» **Record excerpts**
- Opening Delimiter -

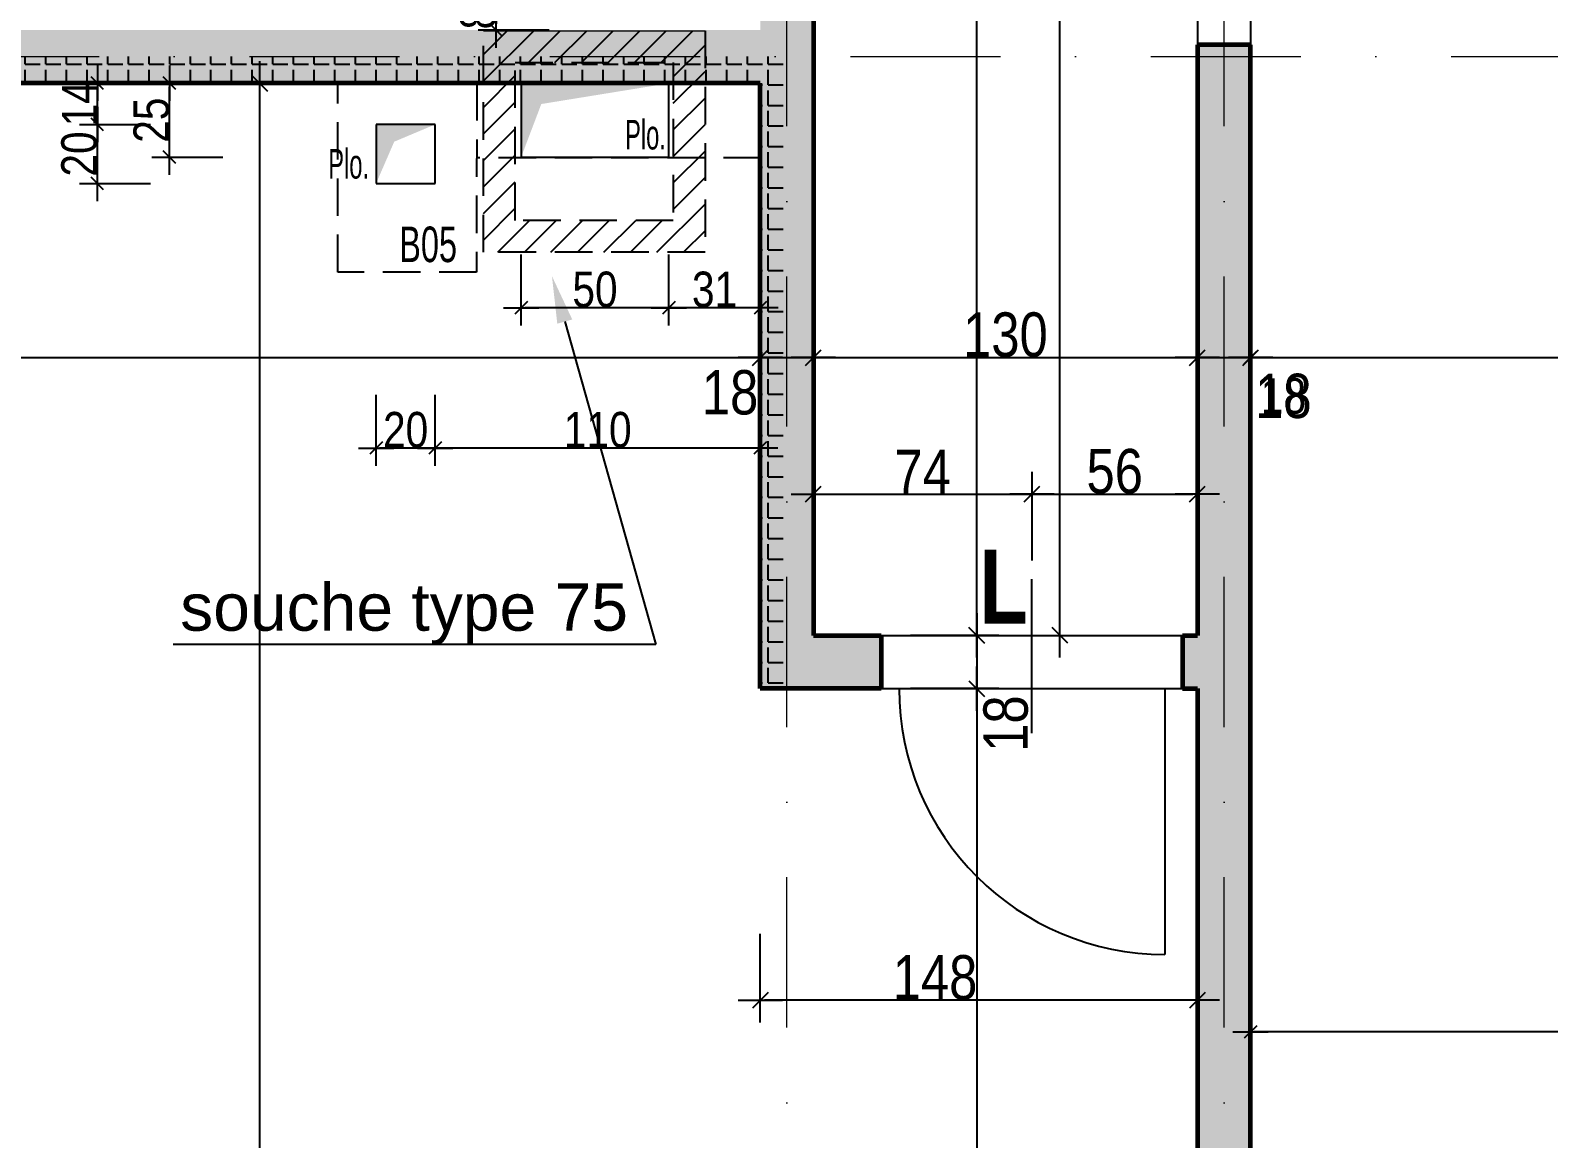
# Model space of a CAD drawing. Header units: millimetres. Extents: x 30537 to 37023, y -37354 to 0.
# Drawn here: x 31318 to 31832, y -35966 to -35591 of the extents above; entities that cross this region are included whole.
import ezdxf
from ezdxf import colors
from ezdxf.entities.mleader import LeaderData, LeaderLine
from ezdxf.enums import TextEntityAlignment as Align
from ezdxf.math import Vec2, Vec3

# ---------------------------------------------------------------- set-up
doc = ezdxf.new("R2010")
doc.units = ezdxf.units.MM
doc.linetypes.add('CACHEX2', pattern=[19.05, 12.7, -6.35])
doc.linetypes.add('TIRETPTX2', pattern=[50.8, 25.4, -12.7, 0, -12.7])
for name, color, linetype in [('01_cote_gen', 4, 'Continuous'), ('01_linteaux', 2, 'Continuous'), ('01_poch_murs', 253, 'Continuous'), ('01_resv', 32, 'Continuous'), ('01_texte', 230, 'Continuous'), ('AA_COTES', 2, 'Continuous')]:
    doc.layers.add(name, color=color, linetype=linetype)
for name, color, linetype, lineweight in [('01_murs_coup', 5, 'Continuous', 60), ('01_tram_axes', 2, 'TIRETPTX2', 9), ('_GAZELEC-RESERVATION 2', 6, 'Continuous', 18)]:
    doc.layers.add(name, color=color, linetype=linetype, lineweight=lineweight)
doc.styles.add('impact', font='impact.ttf')
doc.styles.get("Standard").update_dxf_attribs({"font": 'arial.ttf'})
doc.styles.add('STYLE2', font='ARIALN.TTF')
doc.dimstyles.new('JB50', dxfattribs={"dimscale": 0.1, "dimtxt": 150, "dimasz": 15, "dimexe": 0.1, "dimexo": 0.1, "dimgap": 0.09, "dimtad": 1, "dimdec": 1, "dimdsep": 46, "dimtxsty": 'STYLE2', "dimblk1": 'BOND_G', "dimblk2": 'BOND_D', "dimsah": 1, "dimcen": 1.5, "dimdle": 0.01, "dimse1": 1, "dimse2": 1, "dimclrd": 4, "dimclre": 2, "dimclrt": 6, "dimazin": 2, "dimtfac": 2.333333, "dimtdec": 1, "dimtix": 1, "dimtmove": 2, "dimatfit": 3, "dimldrblk": 'BOND_G', "dimfxl": 1, "dimtolj": 1, "dimtzin": 0, "dimarcsym": 0})
doc.dimstyles.new('JB50res', dxfattribs={"dimscale": 0.1, "dimtxt": 120, "dimasz": 12, "dimexe": 0.1, "dimexo": 0.1, "dimgap": 0.09, "dimtad": 1, "dimdec": 1, "dimdsep": 46, "dimtxsty": 'STYLE2', "dimblk1": 'BOND_G', "dimblk2": 'BOND_D', "dimsah": 1, "dimcen": 1.5, "dimdle": 0.01, "dimse1": 1, "dimse2": 1, "dimclrd": 4, "dimclre": 2, "dimclrt": 6, "dimazin": 2, "dimtfac": 2.333333, "dimtdec": 1, "dimtix": 1, "dimtmove": 2, "dimatfit": 3, "dimldrblk": 'BOND_G', "dimfxl": 1, "dimtolj": 1, "dimtzin": 0, "dimarcsym": 0})

# ---------------------------------------------------------------- blocks, each defined once
blk = doc.blocks.new('BOND_G')
at = {"layer": 'AA_COTES', "color": 0}
for p, q in [((0, -5), (0, 15)), ((5, 0), (-5, 0)), ((1.77, 1.77), (-1.77, -1.77))]:
    blk.add_line(p, q, dxfattribs=at)
blk = doc.blocks.new('BOND_D')
at = {"layer": 'AA_COTES', "color": 0}
for p, q in [((0, 5), (0, -15)), ((5, 0), (-5, 0)), ((-1.77, -1.77), (1.77, 1.77))]:
    blk.add_line(p, q, dxfattribs=at)
blk = doc.blocks.new('*D4461')
at = {"layer": '01_cote_gen', "color": 4, "lineweight": -2, "ltscale": 2, "transparency": 16777216}
blk.add_line((30966.78, -35701.9), (31563.78, -35701.9), dxfattribs=at)
at = {"layer": 'Defpoints', "color": 0, "ltscale": 2, "transparency": 16777216}
for p in [(31565.28, -35701.9), (31565.28, -35711.51), (30965.28, -35732.02)]:
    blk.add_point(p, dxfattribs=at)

- Closing Delimiter -

» **To do**
Print, without alteration, only the lines above between the one holding "doc.styles.add('impact', font='impact.ttf')" and the one holding "doc.styles.add('STYLE2', font='ARIALN.TTF')", inclusive.

» **Solution for this task**
doc.styles.add('impact', font='impact.ttf')
doc.styles.get("Standard").update_dxf_attribs({"font": 'arial.ttf'})
doc.styles.add('STYLE2', font='ARIALN.TTF')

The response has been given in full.